=== PROVIDED INFORMATION ===
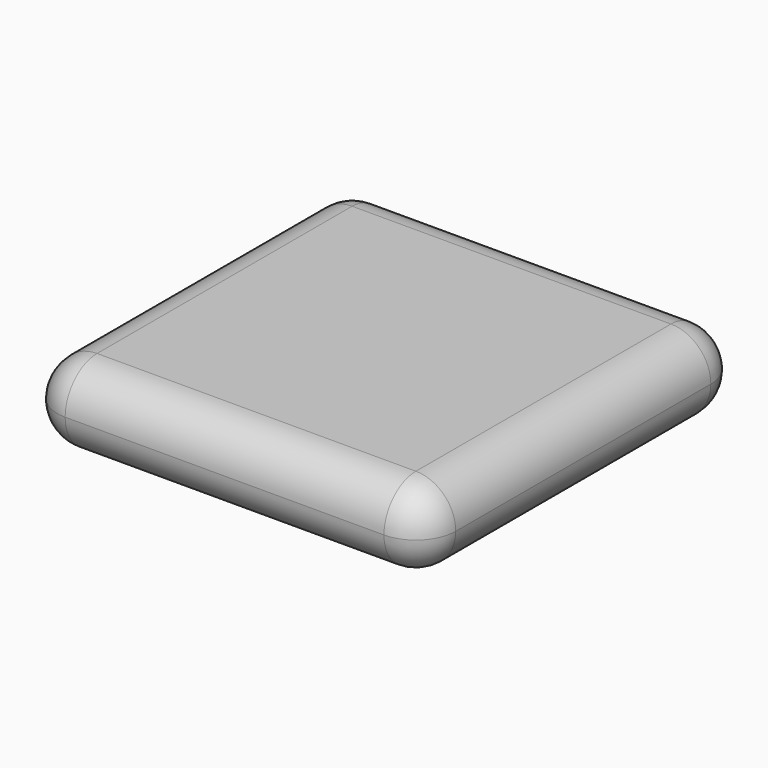
from build123d import *

# Parameters (mm, degrees)
F0_W     = 50
F0_H     = 50
F1_DEPTH = 10
F2_R     = 4.99999


# Not quite as in the source:
# - a fillet or chamfer is up to 0.001 mm smaller than in the source, because OpenCascade refuses the exact size


with BuildPart() as f1:
    # F0 (on Top) → F1 (new body)
    with BuildSketch(Plane.XY):
        Rectangle(F0_W, F0_H)
    extrude(amount=F1_DEPTH)

    # F2 (radius 5 in the source; OpenCascade refuses exactly that, so slightly less here)
    f2_edges = [f1.edges().sort_by_distance(p)[0] for p in [
        (-25, 0, 10),
        (-25, 0, 0),
        (0, -25, 0),
        (0, -25, 10),
        (-25, -25, 5),
        (25, -25, 5),
        (25, 0, 10),
        (25, 0, 0),
        (0, 25, 0),
        (0, 25, 10),
        (25, 25, 5),
        (-25, 25, 5),
    ]]
    fillet(f2_edges, radius=F2_R)


solid = f1.part

=== YOUR INSTRUCTIONS ===
Report each line above that includes the string "OpenCascade".

=== REPLY TO THE EXERCISE ===
# - a fillet or chamfer is up to 0.001 mm smaller than in the source, because OpenCascade refuses the exact size
    # F2 (radius 5 in the source; OpenCascade refuses exactly that, so slightly less here)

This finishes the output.